## [THE INPUT]
┄┄┄┄┄┄┄┄┄┄

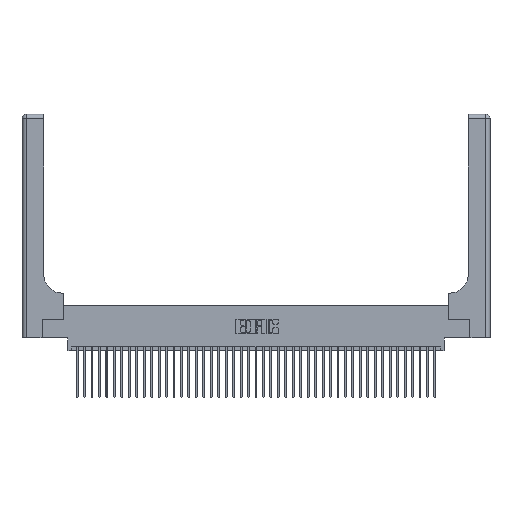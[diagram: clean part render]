
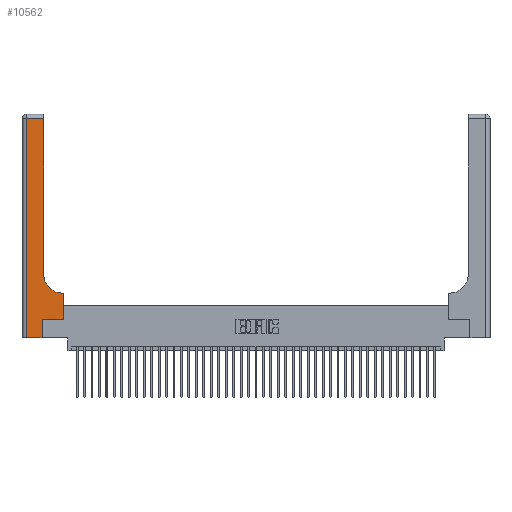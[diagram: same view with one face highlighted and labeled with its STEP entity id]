
A CAD part, top view. The second image highlights one B-rep face of the part: STEP entity #10562.
In plain terms, the highlighted planar face has unit normal (0, 0, 1).
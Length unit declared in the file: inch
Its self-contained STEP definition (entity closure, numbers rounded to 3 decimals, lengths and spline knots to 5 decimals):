
#207 = ORIENTED_EDGE ( 'NONE', *, *, #786, .T. ) ;
#664 = DIRECTION ( 'NONE',  ( 1., 0., 0. ) ) ;
#786 = EDGE_CURVE ( 'NONE', #17918, #35752, #25645, .T. ) ;
#1601 = DIRECTION ( 'NONE',  ( 1., 0., 0. ) ) ;
#2633 = ORIENTED_EDGE ( 'NONE', *, *, #9632, .T. ) ;
#4168 = LINE ( 'NONE', #4950, #42498 ) ;
#4182 = VECTOR ( 'NONE', #29392, 39.37008 ) ;
#4184 = CARTESIAN_POINT ( 'NONE',  ( 0.5585, 0.6, 0.37 ) ) ;
#4863 = EDGE_CURVE ( 'NONE', #35752, #4963, #26349, .T. ) ;
#4950 = CARTESIAN_POINT ( 'NONE',  ( 0.269, 0.25, 0.37 ) ) ;
#4963 = VERTEX_POINT ( 'NONE', #6276 ) ;
#5244 = LINE ( 'NONE', #14261, #21398 ) ;
#6124 = FACE_OUTER_BOUND ( 'NONE', #39818, .T. ) ;
#6263 = CARTESIAN_POINT ( 'NONE',  ( 0.2915, 3., 0.37 ) ) ;
#6276 = CARTESIAN_POINT ( 'NONE',  ( 0.06, 0., 0.37 ) ) ;
#6294 = LINE ( 'NONE', #35787, #4182 ) ;
#8357 = ORIENTED_EDGE ( 'NONE', *, *, #14133, .T. ) ;
#8432 = VERTEX_POINT ( 'NONE', #4184 ) ;
#9632 = EDGE_CURVE ( 'NONE', #34423, #24252, #9966, .T. ) ;
#9702 = CARTESIAN_POINT ( 'NONE',  ( 0.269, 0.25, 0.37 ) ) ;
#9966 = CIRCLE ( 'NONE', #36375, 0.25 ) ;
#10562 = ADVANCED_FACE ( 'NONE', ( #6124 ), #40275, .F. ) ;
#10671 = CARTESIAN_POINT ( 'NONE',  ( 0., 3., 0.37 ) ) ;
#10976 = EDGE_CURVE ( 'NONE', #4963, #16110, #18108, .T. ) ;
#12071 = CARTESIAN_POINT ( 'NONE',  ( 0.269, 0., 0.37 ) ) ;
#12856 = DIRECTION ( 'NONE',  ( 0., -1., 0. ) ) ;
#14002 = DIRECTION ( 'NONE',  ( 0., 0., -1. ) ) ;
#14133 = EDGE_CURVE ( 'NONE', #16110, #22137, #42715, .T. ) ;
#14261 = CARTESIAN_POINT ( 'NONE',  ( 0.2915, 0.6, 0.37 ) ) ;
#14348 = DIRECTION ( 'NONE',  ( 1., 0., 0. ) ) ;
#14774 = ORIENTED_EDGE ( 'NONE', *, *, #4863, .T. ) ;
#15232 = CARTESIAN_POINT ( 'NONE',  ( 0.269, 0., 0.37 ) ) ;
#15672 = DIRECTION ( 'NONE',  ( 0., 1., 0. ) ) ;
#16110 = VERTEX_POINT ( 'NONE', #15232 ) ;
#17918 = VERTEX_POINT ( 'NONE', #24189 ) ;
#18108 = LINE ( 'NONE', #34103, #33098 ) ;
#18342 = ORIENTED_EDGE ( 'NONE', *, *, #10976, .T. ) ;
#18840 = CARTESIAN_POINT ( 'NONE',  ( 0., 2.94, 0.37 ) ) ;
#19646 = VECTOR ( 'NONE', #26319, 39.37008 ) ;
#19899 = ORIENTED_EDGE ( 'NONE', *, *, #26346, .T. ) ;
#19901 = DIRECTION ( 'NONE',  ( 0., 0., -1. ) ) ;
#21338 = EDGE_CURVE ( 'NONE', #24252, #17918, #35105, .T. ) ;
#21398 = VECTOR ( 'NONE', #30611, 39.37008 ) ;
#22137 = VERTEX_POINT ( 'NONE', #9702 ) ;
#22380 = CARTESIAN_POINT ( 'NONE',  ( 0.5415, 0.85, 0.37 ) ) ;
#23305 = DIRECTION ( 'NONE',  ( -1., 0., 0. ) ) ;
#24189 = CARTESIAN_POINT ( 'NONE',  ( 0.2915, 2.94, 0.37 ) ) ;
#24252 = VERTEX_POINT ( 'NONE', #40609 ) ;
#25054 = CARTESIAN_POINT ( 'NONE',  ( 0.5415, 0.6, 0.37 ) ) ;
#25291 = VECTOR ( 'NONE', #12856, 39.37008 ) ;
#25313 = VERTEX_POINT ( 'NONE', #29690 ) ;
#25645 = LINE ( 'NONE', #18840, #41055 ) ;
#26265 = VECTOR ( 'NONE', #15672, 39.37008 ) ;
#26319 = DIRECTION ( 'NONE',  ( 0., 1., 0. ) ) ;
#26346 = EDGE_CURVE ( 'NONE', #22137, #25313, #4168, .T. ) ;
#26349 = LINE ( 'NONE', #28844, #25291 ) ;
#28844 = CARTESIAN_POINT ( 'NONE',  ( 0.06, 3., 0.37 ) ) ;
#29392 = DIRECTION ( 'NONE',  ( 0., 1., 0. ) ) ;
#29690 = CARTESIAN_POINT ( 'NONE',  ( 0.5585, 0.25, 0.37 ) ) ;
#30517 = ORIENTED_EDGE ( 'NONE', *, *, #35289, .T. ) ;
#30611 = DIRECTION ( 'NONE',  ( -1., 0., 0. ) ) ;
#32558 = AXIS2_PLACEMENT_3D ( 'NONE', #10671, #14002, #40417 ) ;
#33098 = VECTOR ( 'NONE', #14348, 39.37008 ) ;
#34103 = CARTESIAN_POINT ( 'NONE',  ( 0., 0., 0.37 ) ) ;
#34423 = VERTEX_POINT ( 'NONE', #25054 ) ;
#35105 = LINE ( 'NONE', #6263, #19646 ) ;
#35289 = EDGE_CURVE ( 'NONE', #8432, #34423, #5244, .T. ) ;
#35752 = VERTEX_POINT ( 'NONE', #39036 ) ;
#35787 = CARTESIAN_POINT ( 'NONE',  ( 0.5585, 0.25, 0.37 ) ) ;
#36375 = AXIS2_PLACEMENT_3D ( 'NONE', #22380, #19901, #664 ) ;
#38792 = ORIENTED_EDGE ( 'NONE', *, *, #21338, .T. ) ;
#39036 = CARTESIAN_POINT ( 'NONE',  ( 0.06, 2.94, 0.37 ) ) ;
#39818 = EDGE_LOOP ( 'NONE', ( #38792, #207, #14774, #18342, #8357, #19899, #41080, #30517, #2633 ) ) ;
#40275 = PLANE ( 'NONE',  #32558 ) ;
#40417 = DIRECTION ( 'NONE',  ( -1., 0., 0. ) ) ;
#40609 = CARTESIAN_POINT ( 'NONE',  ( 0.2915, 0.85, 0.37 ) ) ;
#41055 = VECTOR ( 'NONE', #23305, 39.37008 ) ;
#41080 = ORIENTED_EDGE ( 'NONE', *, *, #42264, .T. ) ;
#42264 = EDGE_CURVE ( 'NONE', #25313, #8432, #6294, .T. ) ;
#42498 = VECTOR ( 'NONE', #1601, 39.37008 ) ;
#42715 = LINE ( 'NONE', #12071, #26265 ) ;
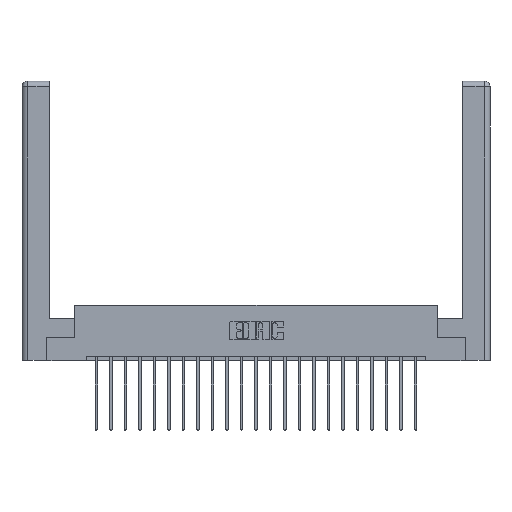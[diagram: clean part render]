
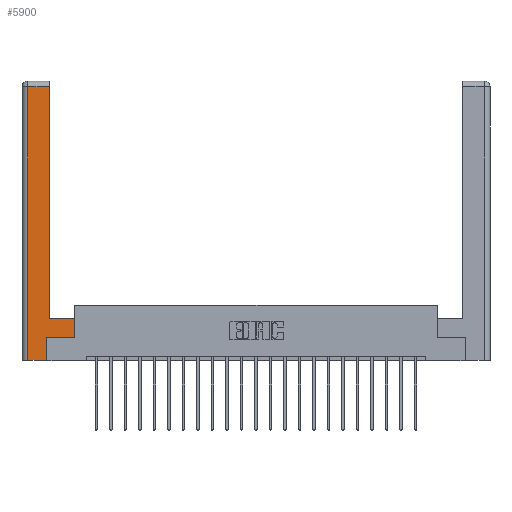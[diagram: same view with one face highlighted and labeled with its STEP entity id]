
A CAD part, top view. The second image highlights one B-rep face of the part: STEP entity #5900.
In plain terms, the highlighted planar face has unit normal (0, 0, 1).
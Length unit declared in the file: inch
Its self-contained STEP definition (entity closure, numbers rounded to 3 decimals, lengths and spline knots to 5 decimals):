
#146 = VECTOR ( 'NONE', #9860, 39.37008 ) ;
#176 = VERTEX_POINT ( 'NONE', #11252 ) ;
#314 = ORIENTED_EDGE ( 'NONE', *, *, #18662, .T. ) ;
#322 = CARTESIAN_POINT ( 'NONE',  ( 0.0615, 0., 0. ) ) ;
#423 = VECTOR ( 'NONE', #1858, 39.37008 ) ;
#712 = ORIENTED_EDGE ( 'NONE', *, *, #16856, .T. ) ;
#857 = FACE_OUTER_BOUND ( 'NONE', #5455, .T. ) ;
#1050 = CARTESIAN_POINT ( 'NONE',  ( 0.0615, 2.94, 0. ) ) ;
#1264 = AXIS2_PLACEMENT_3D ( 'NONE', #19157, #1543, #17446 ) ;
#1346 = CARTESIAN_POINT ( 'NONE',  ( 0.0615, 0., 0. ) ) ;
#1543 = DIRECTION ( 'NONE',  ( 0., 0., -1. ) ) ;
#1858 = DIRECTION ( 'NONE',  ( 0., -1., 0. ) ) ;
#2789 = ORIENTED_EDGE ( 'NONE', *, *, #21612, .T. ) ;
#3718 = CARTESIAN_POINT ( 'NONE',  ( 0.295, 2.94, 0. ) ) ;
#3885 = DIRECTION ( 'NONE',  ( -1., 0., 0. ) ) ;
#4078 = CARTESIAN_POINT ( 'NONE',  ( 0.565, 0.245, 0. ) ) ;
#4587 = LINE ( 'NONE', #20073, #7071 ) ;
#4955 = EDGE_CURVE ( 'NONE', #6125, #14732, #6653, .T. ) ;
#5455 = EDGE_LOOP ( 'NONE', ( #19741, #17801, #8349, #6825, #14943, #712, #314, #2789 ) ) ;
#5900 = ADVANCED_FACE ( 'NONE', ( #857 ), #10312, .F. ) ;
#6125 = VERTEX_POINT ( 'NONE', #9372 ) ;
#6320 = VECTOR ( 'NONE', #9441, 39.37008 ) ;
#6366 = VECTOR ( 'NONE', #7058, 39.37008 ) ;
#6653 = LINE ( 'NONE', #12588, #6366 ) ;
#6825 = ORIENTED_EDGE ( 'NONE', *, *, #11706, .T. ) ;
#7058 = DIRECTION ( 'NONE',  ( 0., 1., 0. ) ) ;
#7071 = VECTOR ( 'NONE', #9582, 39.37008 ) ;
#7850 = CARTESIAN_POINT ( 'NONE',  ( 0.565, 0.45, 0. ) ) ;
#8103 = VERTEX_POINT ( 'NONE', #1050 ) ;
#8156 = LINE ( 'NONE', #322, #423 ) ;
#8349 = ORIENTED_EDGE ( 'NONE', *, *, #18830, .T. ) ;
#9021 = VERTEX_POINT ( 'NONE', #7850 ) ;
#9372 = CARTESIAN_POINT ( 'NONE',  ( 0.265, 0., 0. ) ) ;
#9441 = DIRECTION ( 'NONE',  ( 1., 0., 0. ) ) ;
#9463 = DIRECTION ( 'NONE',  ( -1., 0., 0. ) ) ;
#9582 = DIRECTION ( 'NONE',  ( 0., 1., 0. ) ) ;
#9611 = CARTESIAN_POINT ( 'NONE',  ( 0.295, 0.45, 0. ) ) ;
#9858 = CARTESIAN_POINT ( 'NONE',  ( 0.265, 0.245, 0. ) ) ;
#9860 = DIRECTION ( 'NONE',  ( 0., 1., 0. ) ) ;
#10312 = PLANE ( 'NONE',  #1264 ) ;
#11252 = CARTESIAN_POINT ( 'NONE',  ( 0.295, 0.45, 0. ) ) ;
#11706 = EDGE_CURVE ( 'NONE', #16343, #6125, #16553, .T. ) ;
#11892 = EDGE_CURVE ( 'NONE', #176, #19328, #4587, .T. ) ;
#12521 = CARTESIAN_POINT ( 'NONE',  ( 0.265, 0., 0. ) ) ;
#12588 = CARTESIAN_POINT ( 'NONE',  ( 0.265, 0.245, 0. ) ) ;
#12808 = CARTESIAN_POINT ( 'NONE',  ( 0.0615, 2.94, 0. ) ) ;
#13055 = CARTESIAN_POINT ( 'NONE',  ( 0.565, 0.45, 0. ) ) ;
#13784 = EDGE_CURVE ( 'NONE', #19328, #8103, #18669, .T. ) ;
#14228 = CARTESIAN_POINT ( 'NONE',  ( 0.565, 0.245, 0. ) ) ;
#14732 = VERTEX_POINT ( 'NONE', #9858 ) ;
#14943 = ORIENTED_EDGE ( 'NONE', *, *, #4955, .T. ) ;
#15770 = LINE ( 'NONE', #4078, #6320 ) ;
#16343 = VERTEX_POINT ( 'NONE', #1346 ) ;
#16553 = LINE ( 'NONE', #12521, #19589 ) ;
#16594 = LINE ( 'NONE', #9611, #18804 ) ;
#16856 = EDGE_CURVE ( 'NONE', #14732, #19233, #15770, .T. ) ;
#17446 = DIRECTION ( 'NONE',  ( -1., 0., 0. ) ) ;
#17496 = DIRECTION ( 'NONE',  ( 1., 0., 0. ) ) ;
#17801 = ORIENTED_EDGE ( 'NONE', *, *, #13784, .T. ) ;
#18662 = EDGE_CURVE ( 'NONE', #19233, #9021, #22320, .T. ) ;
#18669 = LINE ( 'NONE', #12808, #21991 ) ;
#18804 = VECTOR ( 'NONE', #9463, 39.37008 ) ;
#18830 = EDGE_CURVE ( 'NONE', #8103, #16343, #8156, .T. ) ;
#19157 = CARTESIAN_POINT ( 'NONE',  ( 0., 0., 0. ) ) ;
#19233 = VERTEX_POINT ( 'NONE', #14228 ) ;
#19328 = VERTEX_POINT ( 'NONE', #3718 ) ;
#19589 = VECTOR ( 'NONE', #17496, 39.37008 ) ;
#19741 = ORIENTED_EDGE ( 'NONE', *, *, #11892, .T. ) ;
#20073 = CARTESIAN_POINT ( 'NONE',  ( 0.295, 3., 0. ) ) ;
#21612 = EDGE_CURVE ( 'NONE', #9021, #176, #16594, .T. ) ;
#21991 = VECTOR ( 'NONE', #3885, 39.37008 ) ;
#22320 = LINE ( 'NONE', #13055, #146 ) ;

┄┄┄┄┄┄┄┄┄┄

## [TO DO]
Set down, exactly as they appear above, all lines from the one that has "#10312 = PLANE" down to the one that has "#19157 = CARTESIAN_POINT", including those two and no others.

## [TASK RESPONSE]
#10312 = PLANE ( 'NONE',  #1264 ) ;
#11252 = CARTESIAN_POINT ( 'NONE',  ( 0.295, 0.45, 0. ) ) ;
#11706 = EDGE_CURVE ( 'NONE', #16343, #6125, #16553, .T. ) ;
#11892 = EDGE_CURVE ( 'NONE', #176, #19328, #4587, .T. ) ;
#12521 = CARTESIAN_POINT ( 'NONE',  ( 0.265, 0., 0. ) ) ;
#12588 = CARTESIAN_POINT ( 'NONE',  ( 0.265, 0.245, 0. ) ) ;
#12808 = CARTESIAN_POINT ( 'NONE',  ( 0.0615, 2.94, 0. ) ) ;
#13055 = CARTESIAN_POINT ( 'NONE',  ( 0.565, 0.45, 0. ) ) ;
#13784 = EDGE_CURVE ( 'NONE', #19328, #8103, #18669, .T. ) ;
#14228 = CARTESIAN_POINT ( 'NONE',  ( 0.565, 0.245, 0. ) ) ;
#14732 = VERTEX_POINT ( 'NONE', #9858 ) ;
#14943 = ORIENTED_EDGE ( 'NONE', *, *, #4955, .T. ) ;
#15770 = LINE ( 'NONE', #4078, #6320 ) ;
#16343 = VERTEX_POINT ( 'NONE', #1346 ) ;
#16553 = LINE ( 'NONE', #12521, #19589 ) ;
#16594 = LINE ( 'NONE', #9611, #18804 ) ;
#16856 = EDGE_CURVE ( 'NONE', #14732, #19233, #15770, .T. ) ;
#17446 = DIRECTION ( 'NONE',  ( -1., 0., 0. ) ) ;
#17496 = DIRECTION ( 'NONE',  ( 1., 0., 0. ) ) ;
#17801 = ORIENTED_EDGE ( 'NONE', *, *, #13784, .T. ) ;
#18662 = EDGE_CURVE ( 'NONE', #19233, #9021, #22320, .T. ) ;
#18669 = LINE ( 'NONE', #12808, #21991 ) ;
#18804 = VECTOR ( 'NONE', #9463, 39.37008 ) ;
#18830 = EDGE_CURVE ( 'NONE', #8103, #16343, #8156, .T. ) ;
#19157 = CARTESIAN_POINT ( 'NONE',  ( 0., 0., 0. ) ) ;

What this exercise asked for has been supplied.